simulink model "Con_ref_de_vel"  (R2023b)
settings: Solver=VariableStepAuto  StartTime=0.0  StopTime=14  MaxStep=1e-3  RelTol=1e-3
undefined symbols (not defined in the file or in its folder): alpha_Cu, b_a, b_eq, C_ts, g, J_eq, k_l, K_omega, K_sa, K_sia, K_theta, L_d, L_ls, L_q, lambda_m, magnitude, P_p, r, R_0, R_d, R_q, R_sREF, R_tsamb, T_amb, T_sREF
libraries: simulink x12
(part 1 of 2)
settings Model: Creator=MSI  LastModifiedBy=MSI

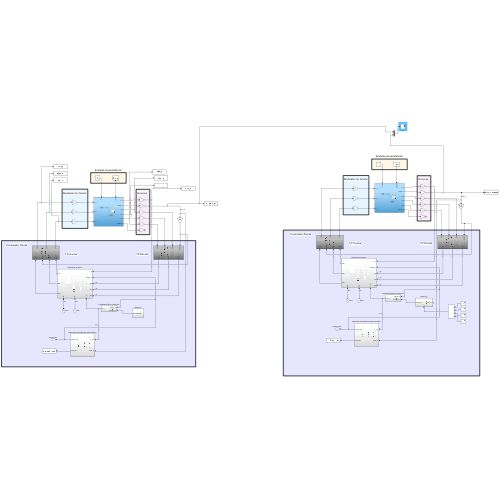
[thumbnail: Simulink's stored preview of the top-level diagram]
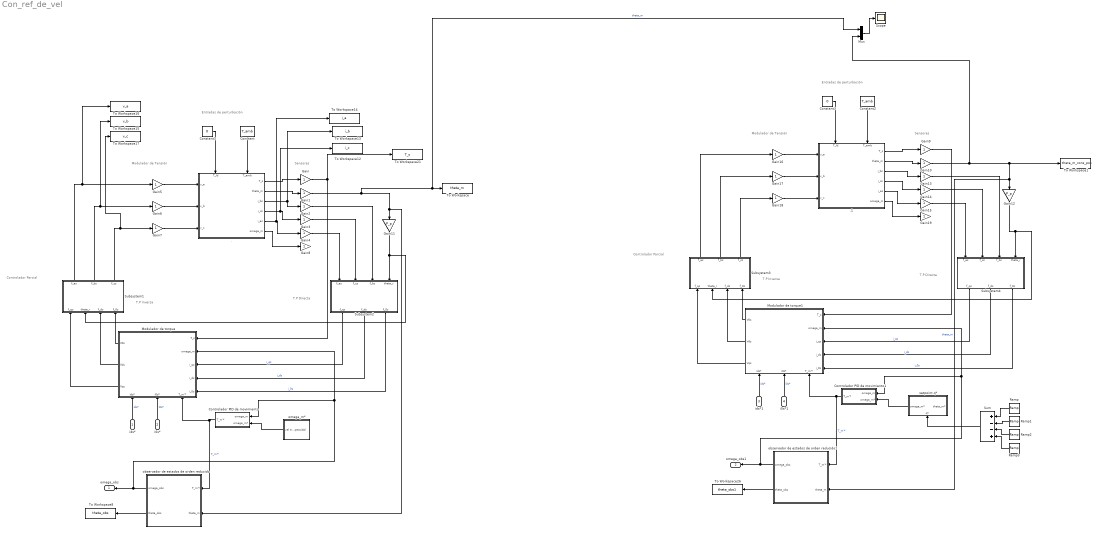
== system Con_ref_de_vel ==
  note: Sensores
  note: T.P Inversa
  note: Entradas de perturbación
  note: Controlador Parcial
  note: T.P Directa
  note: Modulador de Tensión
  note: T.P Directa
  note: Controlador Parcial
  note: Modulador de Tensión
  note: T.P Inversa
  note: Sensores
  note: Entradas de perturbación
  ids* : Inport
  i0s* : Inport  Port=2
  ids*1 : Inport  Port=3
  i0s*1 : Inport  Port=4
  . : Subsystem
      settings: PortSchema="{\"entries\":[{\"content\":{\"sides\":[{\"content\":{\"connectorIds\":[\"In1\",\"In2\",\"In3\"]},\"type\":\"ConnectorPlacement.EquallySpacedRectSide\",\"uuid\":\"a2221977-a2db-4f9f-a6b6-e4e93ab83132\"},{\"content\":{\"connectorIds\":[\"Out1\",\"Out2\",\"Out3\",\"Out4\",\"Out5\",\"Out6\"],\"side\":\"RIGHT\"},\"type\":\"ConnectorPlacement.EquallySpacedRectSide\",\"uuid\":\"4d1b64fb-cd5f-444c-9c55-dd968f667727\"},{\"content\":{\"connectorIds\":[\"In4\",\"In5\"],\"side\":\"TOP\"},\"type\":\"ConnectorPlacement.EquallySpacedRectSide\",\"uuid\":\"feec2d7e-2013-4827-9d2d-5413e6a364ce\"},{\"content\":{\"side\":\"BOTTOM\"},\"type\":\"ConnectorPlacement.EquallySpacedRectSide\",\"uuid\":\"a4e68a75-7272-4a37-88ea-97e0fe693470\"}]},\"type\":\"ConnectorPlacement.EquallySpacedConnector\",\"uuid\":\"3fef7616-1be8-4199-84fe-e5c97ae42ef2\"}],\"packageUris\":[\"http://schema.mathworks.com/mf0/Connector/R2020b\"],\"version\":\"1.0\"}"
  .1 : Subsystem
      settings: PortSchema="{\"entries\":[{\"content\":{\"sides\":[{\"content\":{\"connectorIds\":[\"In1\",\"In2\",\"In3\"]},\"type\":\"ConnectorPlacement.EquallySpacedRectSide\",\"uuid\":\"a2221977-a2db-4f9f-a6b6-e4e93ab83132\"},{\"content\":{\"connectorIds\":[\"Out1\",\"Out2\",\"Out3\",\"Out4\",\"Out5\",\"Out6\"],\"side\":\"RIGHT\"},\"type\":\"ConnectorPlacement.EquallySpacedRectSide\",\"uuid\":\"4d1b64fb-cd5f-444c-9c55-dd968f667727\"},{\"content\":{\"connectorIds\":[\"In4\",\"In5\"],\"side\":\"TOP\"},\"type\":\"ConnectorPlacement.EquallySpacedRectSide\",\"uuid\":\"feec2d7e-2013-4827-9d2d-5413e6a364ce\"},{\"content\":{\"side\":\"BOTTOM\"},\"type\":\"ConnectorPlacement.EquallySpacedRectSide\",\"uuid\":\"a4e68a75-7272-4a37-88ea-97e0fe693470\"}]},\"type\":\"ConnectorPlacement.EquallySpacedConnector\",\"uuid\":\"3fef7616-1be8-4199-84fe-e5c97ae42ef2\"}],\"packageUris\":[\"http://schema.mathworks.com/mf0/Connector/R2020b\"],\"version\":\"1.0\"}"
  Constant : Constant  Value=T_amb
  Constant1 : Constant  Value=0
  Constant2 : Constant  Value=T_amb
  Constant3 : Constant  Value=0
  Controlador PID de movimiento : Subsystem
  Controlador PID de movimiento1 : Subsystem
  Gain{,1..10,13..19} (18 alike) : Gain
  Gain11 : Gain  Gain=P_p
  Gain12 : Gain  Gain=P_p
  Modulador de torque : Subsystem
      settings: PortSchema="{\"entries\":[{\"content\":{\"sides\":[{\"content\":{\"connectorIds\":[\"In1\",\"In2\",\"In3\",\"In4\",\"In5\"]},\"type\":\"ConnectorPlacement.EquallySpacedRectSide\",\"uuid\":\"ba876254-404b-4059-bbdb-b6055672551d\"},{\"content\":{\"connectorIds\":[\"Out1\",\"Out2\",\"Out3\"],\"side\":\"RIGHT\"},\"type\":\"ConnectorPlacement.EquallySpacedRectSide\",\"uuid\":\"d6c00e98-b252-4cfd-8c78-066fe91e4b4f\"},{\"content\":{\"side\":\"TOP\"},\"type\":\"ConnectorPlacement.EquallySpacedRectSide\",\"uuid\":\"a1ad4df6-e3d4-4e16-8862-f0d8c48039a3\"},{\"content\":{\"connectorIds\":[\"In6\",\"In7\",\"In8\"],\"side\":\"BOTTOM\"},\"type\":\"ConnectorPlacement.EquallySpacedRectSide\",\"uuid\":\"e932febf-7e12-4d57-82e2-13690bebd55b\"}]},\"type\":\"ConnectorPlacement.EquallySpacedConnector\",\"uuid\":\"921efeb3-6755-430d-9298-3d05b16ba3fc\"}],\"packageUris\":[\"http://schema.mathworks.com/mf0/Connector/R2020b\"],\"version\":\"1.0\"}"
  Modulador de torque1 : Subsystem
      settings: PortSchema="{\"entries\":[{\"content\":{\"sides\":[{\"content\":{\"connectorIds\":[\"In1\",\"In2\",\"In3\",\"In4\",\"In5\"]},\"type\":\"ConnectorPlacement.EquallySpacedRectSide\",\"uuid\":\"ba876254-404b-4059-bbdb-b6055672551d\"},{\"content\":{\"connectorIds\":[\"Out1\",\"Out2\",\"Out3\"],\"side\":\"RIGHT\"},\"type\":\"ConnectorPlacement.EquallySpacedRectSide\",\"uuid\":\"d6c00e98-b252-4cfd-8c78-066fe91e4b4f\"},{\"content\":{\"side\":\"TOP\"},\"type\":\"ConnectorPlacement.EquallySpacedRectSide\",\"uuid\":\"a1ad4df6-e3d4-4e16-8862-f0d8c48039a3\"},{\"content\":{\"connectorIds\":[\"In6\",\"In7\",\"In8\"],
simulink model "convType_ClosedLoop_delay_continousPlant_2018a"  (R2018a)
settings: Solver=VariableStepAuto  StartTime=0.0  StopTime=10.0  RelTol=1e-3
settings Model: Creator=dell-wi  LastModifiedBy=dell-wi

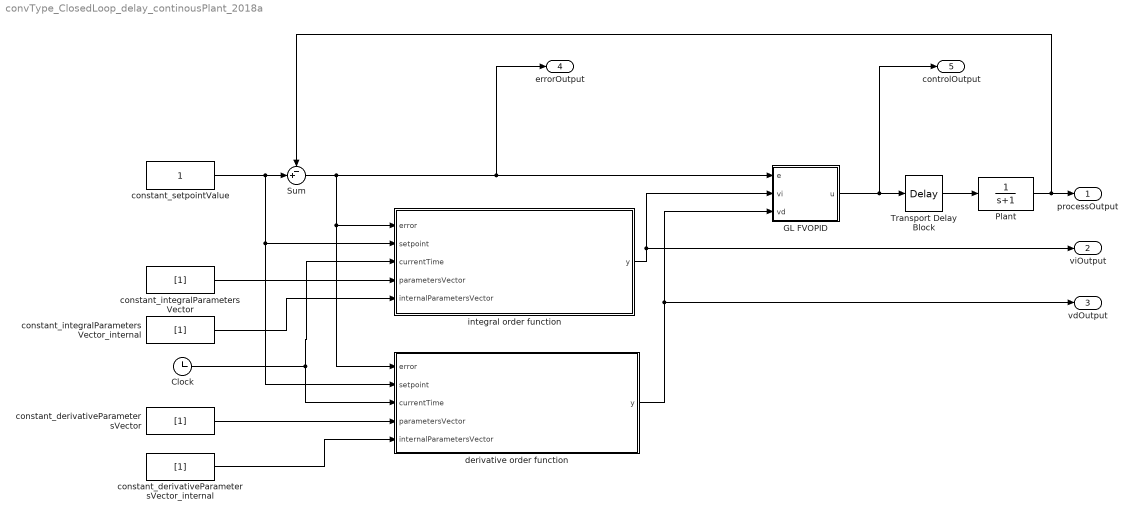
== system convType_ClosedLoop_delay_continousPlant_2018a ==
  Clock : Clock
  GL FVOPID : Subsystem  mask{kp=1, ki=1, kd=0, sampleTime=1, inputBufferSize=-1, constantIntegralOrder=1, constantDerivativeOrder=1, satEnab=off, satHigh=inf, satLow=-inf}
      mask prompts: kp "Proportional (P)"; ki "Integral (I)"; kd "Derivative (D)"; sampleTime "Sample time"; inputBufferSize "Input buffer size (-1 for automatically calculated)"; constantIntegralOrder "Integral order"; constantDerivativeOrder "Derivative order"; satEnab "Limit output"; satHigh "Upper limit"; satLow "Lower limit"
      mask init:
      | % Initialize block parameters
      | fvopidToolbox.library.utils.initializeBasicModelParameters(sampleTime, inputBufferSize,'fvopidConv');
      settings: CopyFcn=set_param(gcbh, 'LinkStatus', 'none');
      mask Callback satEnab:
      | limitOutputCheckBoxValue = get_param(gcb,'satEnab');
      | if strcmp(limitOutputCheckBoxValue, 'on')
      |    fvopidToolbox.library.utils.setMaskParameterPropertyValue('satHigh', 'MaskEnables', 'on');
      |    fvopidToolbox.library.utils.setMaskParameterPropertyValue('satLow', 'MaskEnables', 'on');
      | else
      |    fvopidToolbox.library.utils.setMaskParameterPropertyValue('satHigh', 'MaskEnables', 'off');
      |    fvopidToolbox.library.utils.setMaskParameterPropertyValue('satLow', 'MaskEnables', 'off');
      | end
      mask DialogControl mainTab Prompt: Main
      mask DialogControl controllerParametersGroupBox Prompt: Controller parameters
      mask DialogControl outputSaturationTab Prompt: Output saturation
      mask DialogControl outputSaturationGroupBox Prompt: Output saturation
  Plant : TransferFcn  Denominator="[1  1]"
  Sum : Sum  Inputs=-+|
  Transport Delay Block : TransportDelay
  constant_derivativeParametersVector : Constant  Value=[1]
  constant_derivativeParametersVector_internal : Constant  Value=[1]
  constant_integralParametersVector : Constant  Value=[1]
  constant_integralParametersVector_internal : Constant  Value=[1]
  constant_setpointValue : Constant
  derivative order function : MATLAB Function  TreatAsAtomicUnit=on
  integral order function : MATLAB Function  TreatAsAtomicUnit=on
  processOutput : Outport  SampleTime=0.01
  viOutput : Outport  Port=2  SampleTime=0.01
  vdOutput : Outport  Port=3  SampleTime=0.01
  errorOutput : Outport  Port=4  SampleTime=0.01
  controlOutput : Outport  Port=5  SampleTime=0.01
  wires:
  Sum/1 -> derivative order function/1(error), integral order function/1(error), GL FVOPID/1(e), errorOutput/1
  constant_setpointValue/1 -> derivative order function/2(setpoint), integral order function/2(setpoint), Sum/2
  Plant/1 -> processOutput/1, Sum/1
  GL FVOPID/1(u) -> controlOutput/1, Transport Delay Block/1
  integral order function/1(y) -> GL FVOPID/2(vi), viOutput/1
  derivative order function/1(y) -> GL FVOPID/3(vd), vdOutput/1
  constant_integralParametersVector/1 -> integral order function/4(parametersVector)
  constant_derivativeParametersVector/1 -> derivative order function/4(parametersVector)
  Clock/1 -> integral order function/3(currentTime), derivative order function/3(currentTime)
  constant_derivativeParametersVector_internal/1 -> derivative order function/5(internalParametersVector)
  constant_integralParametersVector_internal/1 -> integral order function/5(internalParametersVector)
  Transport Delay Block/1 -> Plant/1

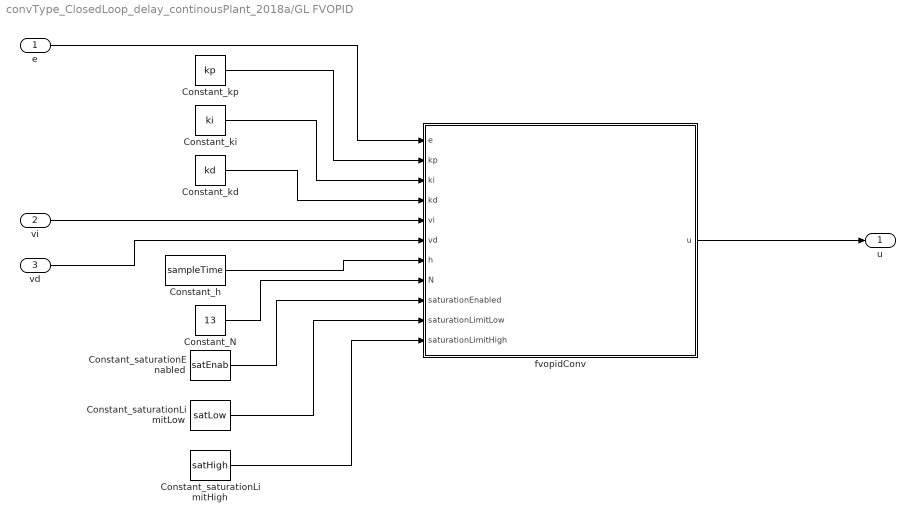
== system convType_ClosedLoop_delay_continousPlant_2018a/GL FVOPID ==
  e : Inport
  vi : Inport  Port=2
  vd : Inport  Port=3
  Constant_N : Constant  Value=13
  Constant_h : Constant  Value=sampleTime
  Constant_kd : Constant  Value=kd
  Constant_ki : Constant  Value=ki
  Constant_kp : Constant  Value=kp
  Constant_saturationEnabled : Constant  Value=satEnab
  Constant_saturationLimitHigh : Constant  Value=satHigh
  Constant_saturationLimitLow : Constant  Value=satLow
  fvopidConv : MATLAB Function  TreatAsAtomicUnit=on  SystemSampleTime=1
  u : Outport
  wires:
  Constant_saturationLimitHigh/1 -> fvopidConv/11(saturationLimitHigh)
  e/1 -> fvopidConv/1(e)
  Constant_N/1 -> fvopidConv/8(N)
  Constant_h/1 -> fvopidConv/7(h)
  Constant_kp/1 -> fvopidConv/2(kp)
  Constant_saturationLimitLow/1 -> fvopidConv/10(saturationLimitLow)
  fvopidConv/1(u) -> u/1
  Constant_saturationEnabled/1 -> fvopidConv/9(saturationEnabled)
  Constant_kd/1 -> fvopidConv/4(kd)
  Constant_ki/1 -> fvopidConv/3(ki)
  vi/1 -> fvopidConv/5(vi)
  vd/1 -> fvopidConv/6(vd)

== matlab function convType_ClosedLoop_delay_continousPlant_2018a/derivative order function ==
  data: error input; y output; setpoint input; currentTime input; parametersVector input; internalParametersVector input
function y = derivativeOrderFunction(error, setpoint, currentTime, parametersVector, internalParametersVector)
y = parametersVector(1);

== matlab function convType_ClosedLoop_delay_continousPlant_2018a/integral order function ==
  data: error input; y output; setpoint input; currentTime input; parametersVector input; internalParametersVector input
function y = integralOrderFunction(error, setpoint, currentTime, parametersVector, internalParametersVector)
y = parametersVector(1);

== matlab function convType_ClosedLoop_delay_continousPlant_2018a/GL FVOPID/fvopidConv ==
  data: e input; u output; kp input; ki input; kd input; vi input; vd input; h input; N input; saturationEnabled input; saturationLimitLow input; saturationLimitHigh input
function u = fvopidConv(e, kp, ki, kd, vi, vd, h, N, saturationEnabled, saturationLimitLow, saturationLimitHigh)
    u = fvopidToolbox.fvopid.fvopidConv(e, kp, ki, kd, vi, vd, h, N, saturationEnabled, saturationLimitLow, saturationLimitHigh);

□ □ □

> [TASK DETAILS] When the string "Clock" occurs in a line of the material, that line belongs in the answer.

> [EXPECTED ANSWER]
  Clock : Clock
  Clock/1 -> integral order function/3(currentTime), derivative order function/3(currentTime)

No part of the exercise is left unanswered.